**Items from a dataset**
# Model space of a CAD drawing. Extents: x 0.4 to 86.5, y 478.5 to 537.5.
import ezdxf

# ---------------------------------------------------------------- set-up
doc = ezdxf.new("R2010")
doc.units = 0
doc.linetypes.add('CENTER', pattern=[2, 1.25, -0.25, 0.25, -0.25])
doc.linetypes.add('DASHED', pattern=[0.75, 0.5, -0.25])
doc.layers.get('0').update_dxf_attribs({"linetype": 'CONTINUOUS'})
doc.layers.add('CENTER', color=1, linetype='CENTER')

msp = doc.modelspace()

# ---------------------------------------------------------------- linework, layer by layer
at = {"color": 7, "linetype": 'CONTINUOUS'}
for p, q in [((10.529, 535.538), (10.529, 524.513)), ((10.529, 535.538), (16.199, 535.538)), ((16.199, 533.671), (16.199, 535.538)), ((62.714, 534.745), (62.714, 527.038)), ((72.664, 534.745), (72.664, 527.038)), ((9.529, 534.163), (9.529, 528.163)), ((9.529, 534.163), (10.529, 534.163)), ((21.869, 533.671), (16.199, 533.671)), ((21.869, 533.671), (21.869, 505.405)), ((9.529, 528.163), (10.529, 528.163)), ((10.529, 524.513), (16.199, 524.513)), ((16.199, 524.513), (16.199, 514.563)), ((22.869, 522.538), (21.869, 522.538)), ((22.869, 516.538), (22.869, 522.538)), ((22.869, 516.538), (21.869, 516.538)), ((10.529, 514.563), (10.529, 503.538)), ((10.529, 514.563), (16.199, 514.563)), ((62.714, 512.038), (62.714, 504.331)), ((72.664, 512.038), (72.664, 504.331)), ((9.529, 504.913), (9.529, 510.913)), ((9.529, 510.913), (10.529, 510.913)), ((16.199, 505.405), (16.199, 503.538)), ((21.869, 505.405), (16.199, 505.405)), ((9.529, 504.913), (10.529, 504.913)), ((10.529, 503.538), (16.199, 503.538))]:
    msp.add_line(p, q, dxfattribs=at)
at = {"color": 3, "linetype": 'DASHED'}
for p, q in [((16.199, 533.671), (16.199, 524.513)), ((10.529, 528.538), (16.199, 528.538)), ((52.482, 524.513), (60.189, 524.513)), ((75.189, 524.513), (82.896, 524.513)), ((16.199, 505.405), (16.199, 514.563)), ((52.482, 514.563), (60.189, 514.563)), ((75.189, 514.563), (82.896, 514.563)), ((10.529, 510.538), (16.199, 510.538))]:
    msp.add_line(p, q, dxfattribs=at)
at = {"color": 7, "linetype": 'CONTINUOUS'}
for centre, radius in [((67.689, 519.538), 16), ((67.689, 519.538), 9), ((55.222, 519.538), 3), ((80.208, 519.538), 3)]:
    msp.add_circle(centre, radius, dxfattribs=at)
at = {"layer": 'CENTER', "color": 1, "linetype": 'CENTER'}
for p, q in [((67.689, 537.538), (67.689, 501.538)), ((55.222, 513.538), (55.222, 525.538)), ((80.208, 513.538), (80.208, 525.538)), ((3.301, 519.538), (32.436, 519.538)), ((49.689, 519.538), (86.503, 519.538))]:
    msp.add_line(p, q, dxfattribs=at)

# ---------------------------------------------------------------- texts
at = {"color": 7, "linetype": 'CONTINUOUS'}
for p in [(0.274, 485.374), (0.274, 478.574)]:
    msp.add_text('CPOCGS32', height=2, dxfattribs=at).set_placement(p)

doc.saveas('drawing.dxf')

**EXERCISE**
Search the records above for the string "pattern". Copy every line that contains it.

**EXPECTED ANSWER**
doc.linetypes.add('CENTER', pattern=[2, 1.25, -0.25, 0.25, -0.25])
doc.linetypes.add('DASHED', pattern=[0.75, 0.5, -0.25])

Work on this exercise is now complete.